RECORDS FOR PROCESSING:

--- START ---

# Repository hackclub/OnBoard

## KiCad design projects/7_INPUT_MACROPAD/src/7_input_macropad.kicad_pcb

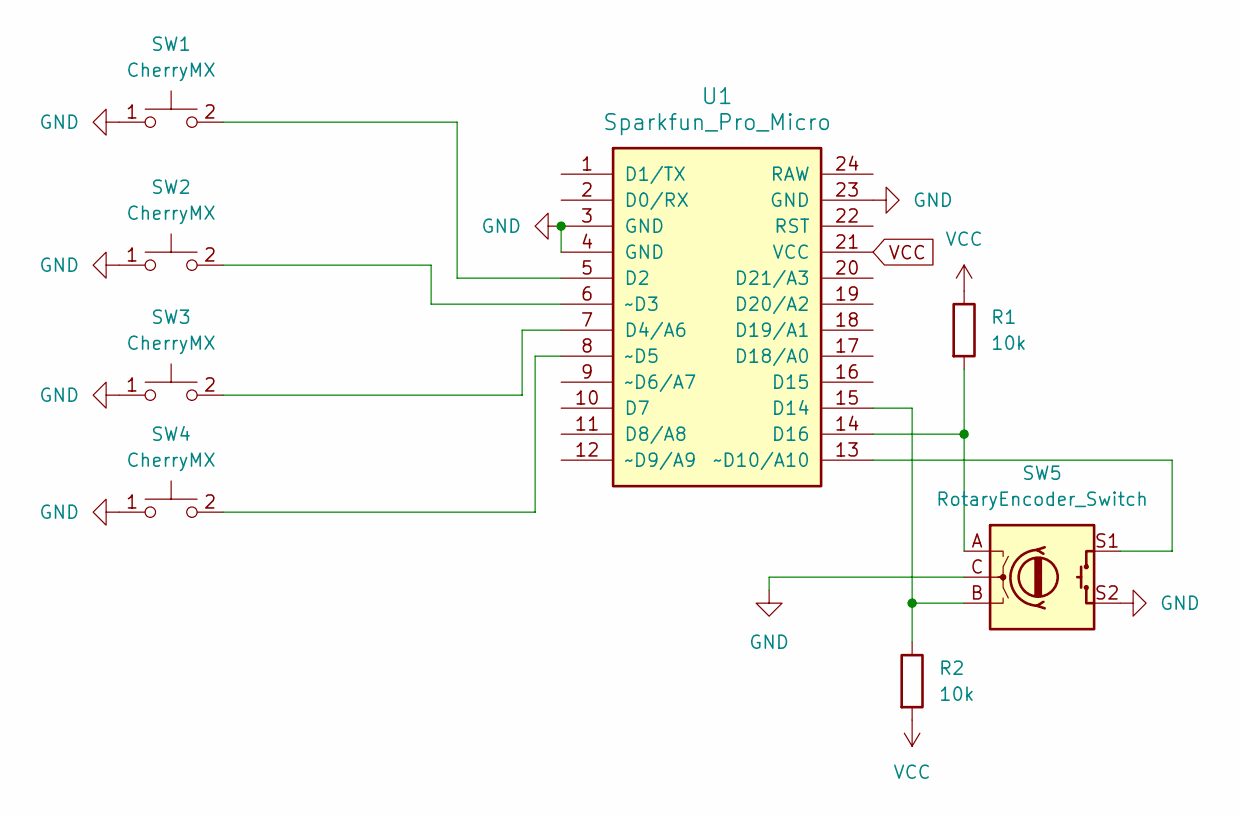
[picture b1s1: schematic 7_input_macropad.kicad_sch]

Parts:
R1, R2: 10k; R_0402_1005Metric
SW1, SW2, SW3, SW4: CherryMX; SW_Cherry_MX_1.00u_PCB
SW5: RotaryEncoder_Switch; RotaryEncoder_Alps_EC11E-Switch_Vertical_H20mm
U1: Sparkfun_Pro_Micro; ProMicro

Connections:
GND: SW1.1, SW2.1, SW3.1, SW4.1, SW5.C, SW5.S2, U1.3 (GND), U1.4 (GND), U1.23 (GND)
unnamed: SW1.2, U1.5 (D2)
unnamed: SW3.2, U1.7 (D4/A6)
unnamed: R2.1, SW5.B, U1.15 (D14)
unnamed: R1.2, SW5.A, U1.14 (D16)
unnamed: SW2.2, U1.6 (~D3)
unnamed: SW4.2, U1.8 (~D5)
unnamed: SW5.S1, U1.13 (~D10/A10)
VCC: R1.1, R2.2, U1.21 (VCC)

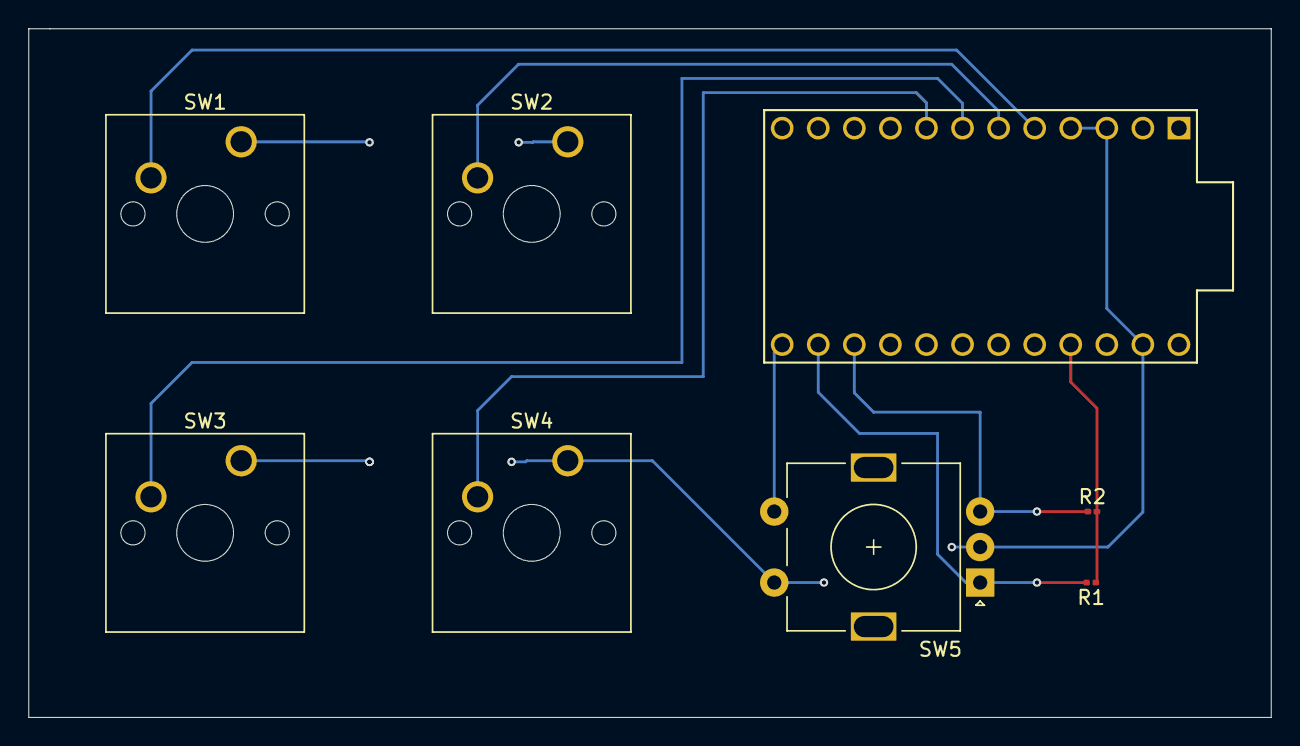
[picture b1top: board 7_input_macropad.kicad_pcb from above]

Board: 2 copper layers, 87.5 x 48.5 mm, 8 parts (0 on the bottom side), 9 nets.

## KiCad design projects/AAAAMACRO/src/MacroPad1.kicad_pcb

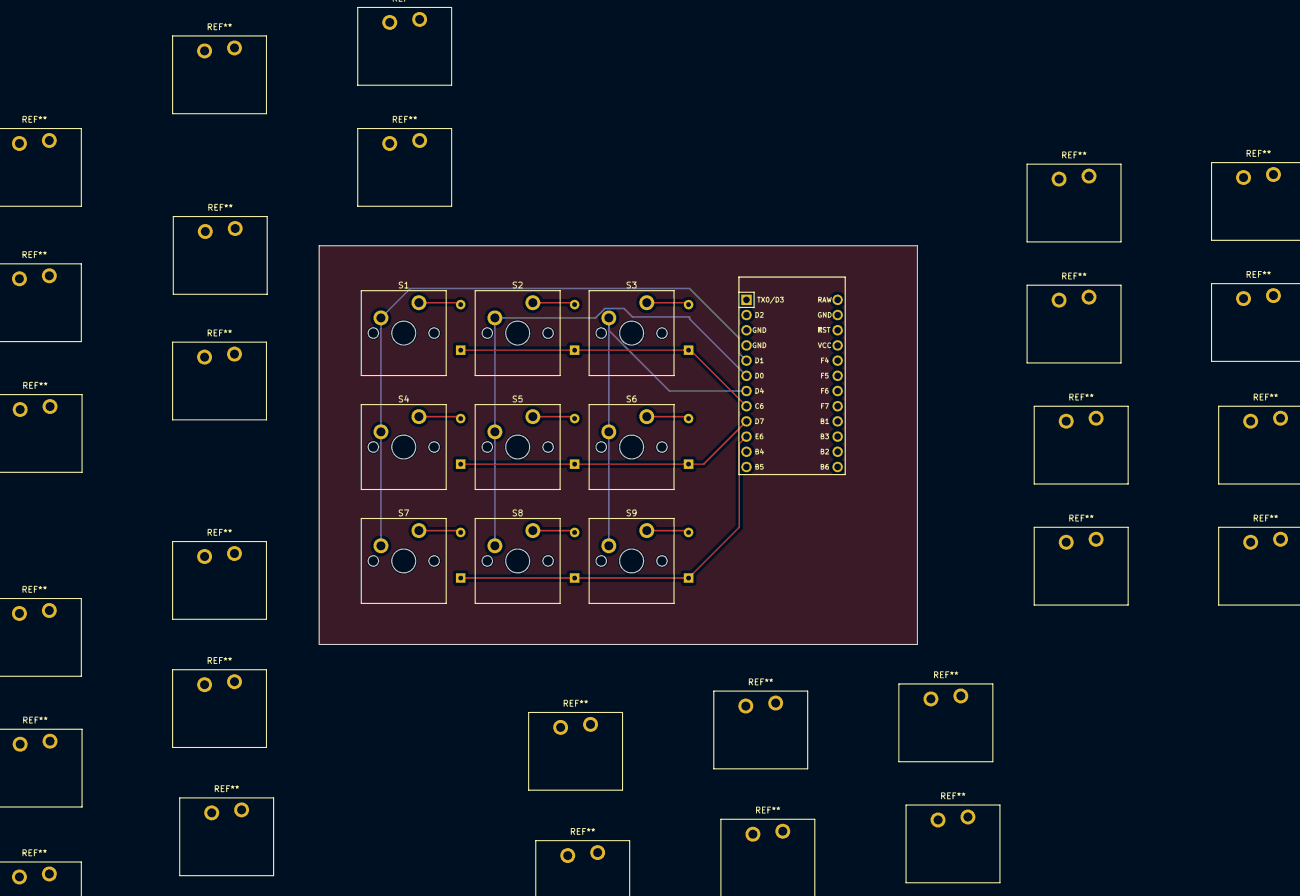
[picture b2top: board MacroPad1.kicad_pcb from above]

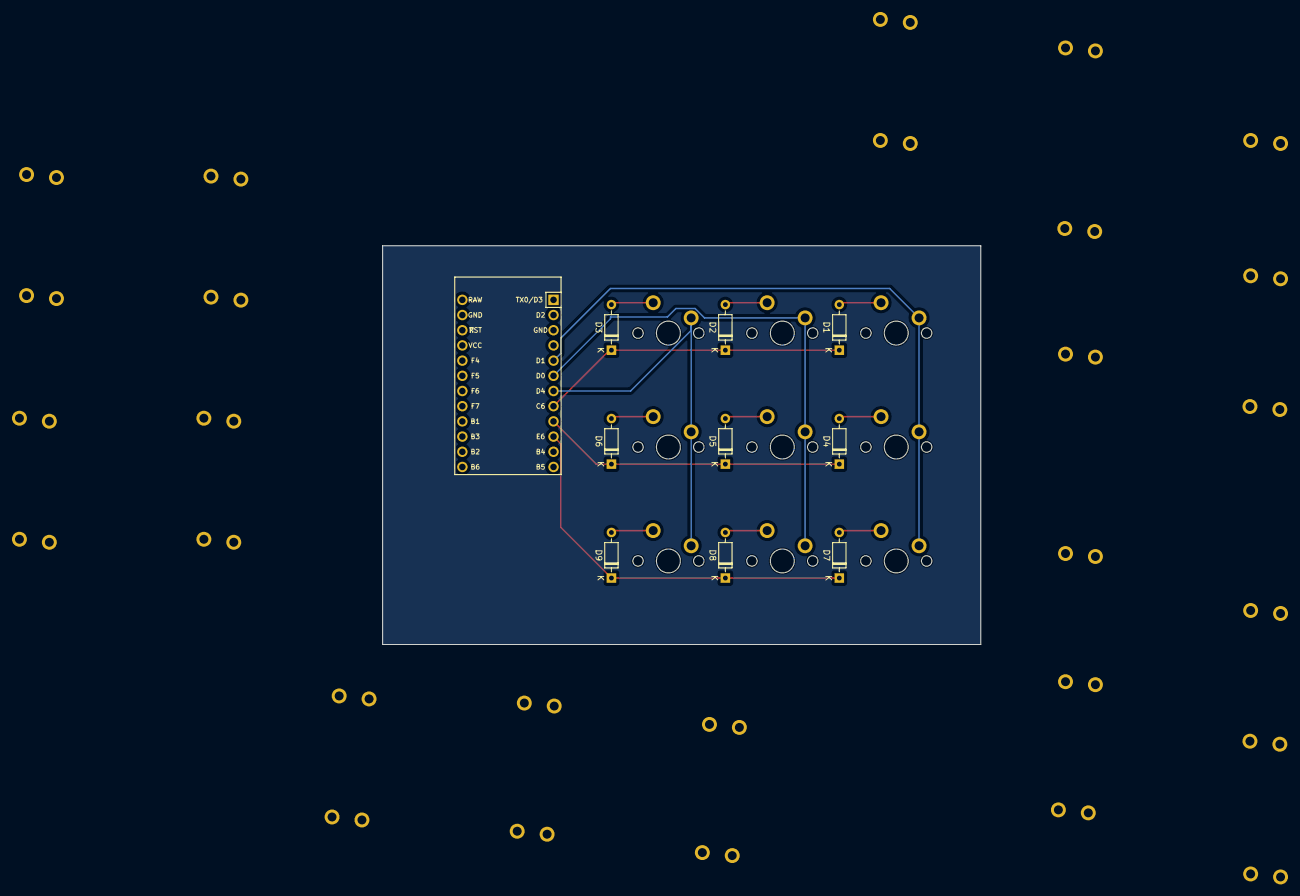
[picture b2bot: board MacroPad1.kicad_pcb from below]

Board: 2 copper layers, 100.0 x 66.7 mm, 19 parts (9 on the bottom side), 14 nets.

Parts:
D1, D2, D3, D4, D5, D6, D7, D8, D9: Diode; Diode_DO-35
S1, S2, S3, S4, S5, S6, S7, S8, S9: Keyswitch; MX_PCB_1.00u
U1: Arduino_Pro_Micro

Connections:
Column 0: S1.1, S2.1, S4.1, S5.1, S7.1, S8.1, U1.5 (2/PD1), U1.6 (3/PD0)
Column 2: S3.1, S6.1, S9.1, U1.7 (4/PD4)
unnamed: D1.2 (A), S1.2
unnamed: D2.2 (A), S2.2
unnamed: D3.2 (A), S3.2
unnamed: D4.2 (A), S4.2
unnamed: D5.2 (A), S5.2
unnamed: D6.2 (A), S6.2
unnamed: D7.2 (A), S7.2
unnamed: D8.2 (A), S8.2
unnamed: D9.2 (A), S9.2
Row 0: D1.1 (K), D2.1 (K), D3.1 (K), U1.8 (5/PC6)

--- END ---

WORK REQUIRED: Among the records above, which lines hold the word "projects"? Copy each one.

TASK OUTPUT:
## KiCad design projects/7_INPUT_MACROPAD/src/7_input_macropad.kicad_pcb
## KiCad design projects/AAAAMACRO/src/MacroPad1.kicad_pcb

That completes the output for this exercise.